╔══

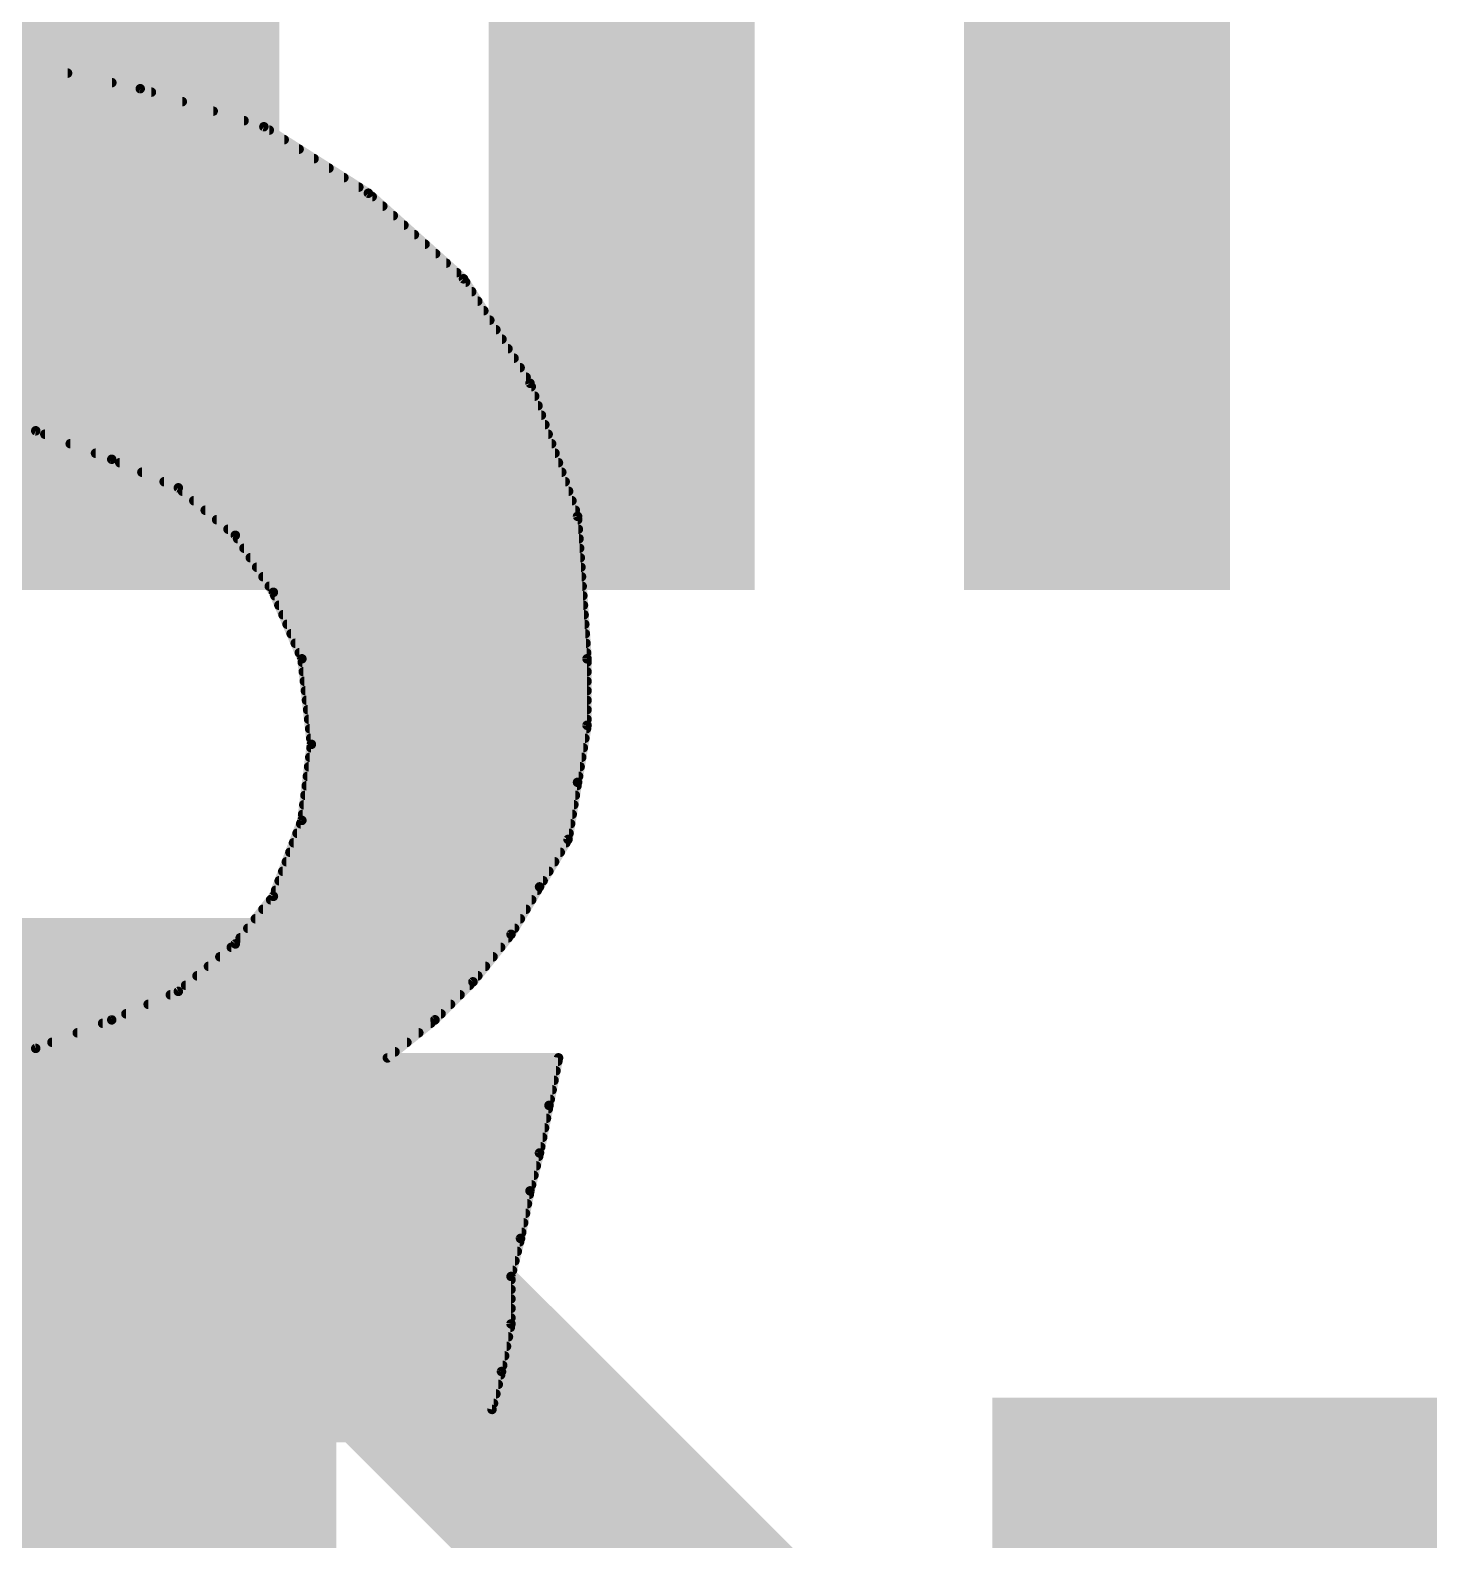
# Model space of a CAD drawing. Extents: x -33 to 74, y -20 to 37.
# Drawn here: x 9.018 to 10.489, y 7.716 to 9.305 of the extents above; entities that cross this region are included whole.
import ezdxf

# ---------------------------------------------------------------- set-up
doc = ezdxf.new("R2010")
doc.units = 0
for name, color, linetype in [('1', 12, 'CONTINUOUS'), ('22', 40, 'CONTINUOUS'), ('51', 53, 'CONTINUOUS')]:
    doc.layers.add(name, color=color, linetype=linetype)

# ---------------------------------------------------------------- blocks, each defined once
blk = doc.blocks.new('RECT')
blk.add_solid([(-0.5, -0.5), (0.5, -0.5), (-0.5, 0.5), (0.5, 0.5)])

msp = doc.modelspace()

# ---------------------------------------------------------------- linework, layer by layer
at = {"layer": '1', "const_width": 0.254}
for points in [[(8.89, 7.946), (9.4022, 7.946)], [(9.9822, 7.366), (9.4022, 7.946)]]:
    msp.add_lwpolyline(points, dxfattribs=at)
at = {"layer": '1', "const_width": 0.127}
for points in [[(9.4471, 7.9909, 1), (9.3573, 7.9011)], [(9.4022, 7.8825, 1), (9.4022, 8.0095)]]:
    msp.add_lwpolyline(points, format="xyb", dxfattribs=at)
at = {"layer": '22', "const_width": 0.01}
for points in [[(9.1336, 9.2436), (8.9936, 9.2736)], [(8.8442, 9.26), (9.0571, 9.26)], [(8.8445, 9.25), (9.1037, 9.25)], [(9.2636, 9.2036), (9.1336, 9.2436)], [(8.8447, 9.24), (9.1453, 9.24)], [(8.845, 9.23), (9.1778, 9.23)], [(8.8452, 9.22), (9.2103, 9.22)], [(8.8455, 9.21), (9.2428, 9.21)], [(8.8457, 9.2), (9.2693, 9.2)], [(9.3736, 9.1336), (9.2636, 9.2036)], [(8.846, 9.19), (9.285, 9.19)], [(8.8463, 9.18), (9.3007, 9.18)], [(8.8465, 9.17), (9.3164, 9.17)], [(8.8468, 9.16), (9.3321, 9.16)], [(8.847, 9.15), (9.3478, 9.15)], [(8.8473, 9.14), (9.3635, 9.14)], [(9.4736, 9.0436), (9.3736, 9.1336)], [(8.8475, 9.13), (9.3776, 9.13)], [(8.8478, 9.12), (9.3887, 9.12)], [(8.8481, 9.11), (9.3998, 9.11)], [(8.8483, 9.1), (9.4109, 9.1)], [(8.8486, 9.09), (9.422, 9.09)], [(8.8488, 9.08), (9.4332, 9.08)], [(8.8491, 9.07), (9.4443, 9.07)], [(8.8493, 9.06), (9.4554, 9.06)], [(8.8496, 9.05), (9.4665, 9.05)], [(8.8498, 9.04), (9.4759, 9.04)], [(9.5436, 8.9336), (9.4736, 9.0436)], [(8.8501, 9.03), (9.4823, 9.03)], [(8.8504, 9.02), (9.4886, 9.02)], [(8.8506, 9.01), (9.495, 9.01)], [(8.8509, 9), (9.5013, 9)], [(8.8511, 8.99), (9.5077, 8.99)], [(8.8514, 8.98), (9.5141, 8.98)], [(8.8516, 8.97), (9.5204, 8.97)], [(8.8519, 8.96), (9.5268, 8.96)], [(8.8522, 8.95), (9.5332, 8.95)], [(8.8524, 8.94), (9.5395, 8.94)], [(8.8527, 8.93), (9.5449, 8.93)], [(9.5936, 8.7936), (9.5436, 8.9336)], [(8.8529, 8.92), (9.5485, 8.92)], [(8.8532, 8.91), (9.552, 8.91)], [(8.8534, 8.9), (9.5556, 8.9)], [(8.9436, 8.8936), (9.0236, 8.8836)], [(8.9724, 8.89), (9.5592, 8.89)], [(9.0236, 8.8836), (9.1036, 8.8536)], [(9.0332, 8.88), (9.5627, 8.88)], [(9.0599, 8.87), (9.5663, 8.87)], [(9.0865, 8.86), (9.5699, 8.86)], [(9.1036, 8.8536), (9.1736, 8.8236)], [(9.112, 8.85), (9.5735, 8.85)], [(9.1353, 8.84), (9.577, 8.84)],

╚══

### TASK DIRECTIONS
Check each line of the data for "linetype". Copy the lines where it turns up.

### RESULT OF THIS EXERCISE
for name, color, linetype in [('1', 12, 'CONTINUOUS'), ('22', 40, 'CONTINUOUS'), ('51', 53, 'CONTINUOUS')]:
    doc.layers.add(name, color=color, linetype=linetype)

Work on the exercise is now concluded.